Entries taken from a collection:
--------------------------------

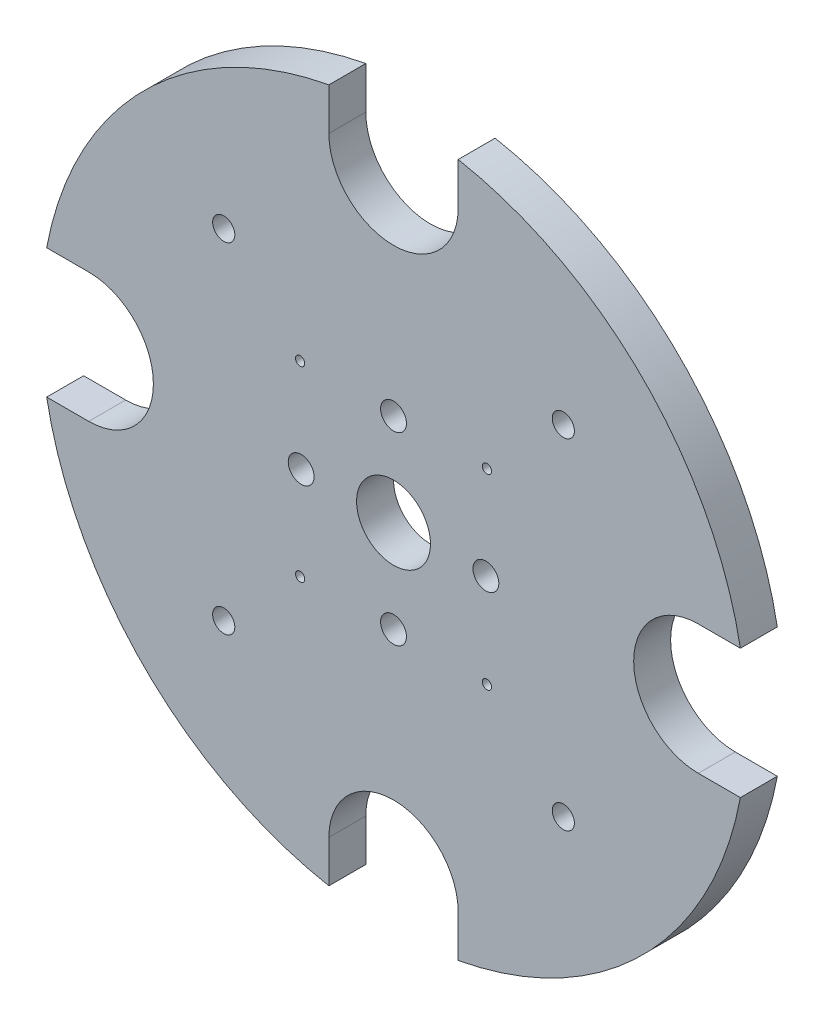
SolidWorks part; units mm, degrees
ref_plane "Plan1" through (0, 0, 0) normal (0, 0, 1) x (1, 0, 0)
ref_plane "Plan2" through (0, 0, 0) normal (0, 1, 0) x (1, 0, 0)
ref_plane "Plan3" through (0, 0, 0) normal (1, 0, 0) x (0, 0, -1)
sketch "Esquisse1" plane through (0, 0, 0) normal (0, 0, 1) x (1, 0, 0)
  line L0 (0, 0) -> (0, 114.126) construction
  line L1 (0, 0) -> (135.1767, 0) construction
  circle A0 centre (0, 0) radius 191
  dimension "D1" = 382
extrude "Base-Extrusion" add sketch "Esquisse1" along normal blind 20
sketch "Esquisse2" plane through (0, 0, 20) normal (0, 0, 1) x (1, 0, 0)
  line L0 (0, 0) -> (0, 205.2109) construction
  line L1 (0, 0) -> (227.442, 0) construction
  circle A0 centre (0, 0) radius 20
  dimension "D1" = 40
extrude "Enlèv. mat.-Extru.1" cut sketch "Esquisse2" against normal blind 20
sketch "Esquisse3" plane through (0, 0, 20) normal (0, 0, 1) x (1, 0, 0)
  circle A0 centre (50, 0) radius 7
  circle A1 centre (0, 0) radius 50 construction
  dimension "D1" = 14
  dimension "D2" = 100
extrude "Enlèv. mat.-Extru.2" cut sketch "Esquisse3" against normal blind 20
cosmetic thread "Représentation de filetage1" parameters "D2"=16
pattern_circular "Répétition circulaire1" count 4 every 90
sketch "Esquisse4" plane through (0, 0, 20) normal (0, 0, 1) x (1, 0, 0)
  line L1 (0, 0) -> (237.7026, 0) construction
  line L2 (0, 0) -> (91.9239, 91.9239) construction
  circle A0 centre (91.9239, 91.9239) radius 6
  circle A1 centre (50.5581, 50.5581) radius 2.5
  circle A2 centre (0, 0) radius 71.5 construction
  circle A3 centre (0, 0) radius 130 construction
  dimension "D2" = 12
  dimension "D3" = 5
  dimension "D5" = 143
  dimension "D4" = 260
  dimension "D1" = 45
extrude "Enlèv. mat.-Extru.3" cut sketch "Esquisse4" against normal blind 20
cosmetic thread "Représentation de filetage2" parameters "D2"=6
pattern_circular "Répétition circulaire2" count 4 every 90
sketch "Esquisse5" plane through (0, 0, 20) normal (0, 0, 1) x (1, 0, 0)
  line L1 (0, 0) -> (0, 207.263) construction
  line L2 (-35, 187.7658) -> (-35, 165)
  line L4 (35, 165) -> (35, 187.7658)
  circle A0 centre (0, 0) radius 191 construction
  arc A1 (-35, 165) -> (35, 165) centre (0, 165) ccw
  arc A2 (35, 187.7658) -> (-35, 187.7658) centre (0, 0) ccw
  circle A3 centre (0, 0) radius 20 construction
  dimension "D1" = 165
  dimension "D2" = 70
extrude "Enlèv. mat.-Extru.4" cut sketch "Esquisse5" against normal through all
pattern_circular "Répétition circulaire3" count 4 every 90

--------------------------------

» **Work instruction**: Your answer should be the lines from the opening of the records through the line with "line L1 (0, 0) -> (227.442, 0) construction", both ends retyped exactly and pictures left out.

» **Solved problem**:
SolidWorks part; units mm, degrees
ref_plane "Plan1" through (0, 0, 0) normal (0, 0, 1) x (1, 0, 0)
ref_plane "Plan2" through (0, 0, 0) normal (0, 1, 0) x (1, 0, 0)
ref_plane "Plan3" through (0, 0, 0) normal (1, 0, 0) x (0, 0, -1)
sketch "Esquisse1" plane through (0, 0, 0) normal (0, 0, 1) x (1, 0, 0)
  line L0 (0, 0) -> (0, 114.126) construction
  line L1 (0, 0) -> (135.1767, 0) construction
  circle A0 centre (0, 0) radius 191
  dimension "D1" = 382
extrude "Base-Extrusion" add sketch "Esquisse1" along normal blind 20
sketch "Esquisse2" plane through (0, 0, 20) normal (0, 0, 1) x (1, 0, 0)
  line L0 (0, 0) -> (0, 205.2109) construction
  line L1 (0, 0) -> (227.442, 0) construction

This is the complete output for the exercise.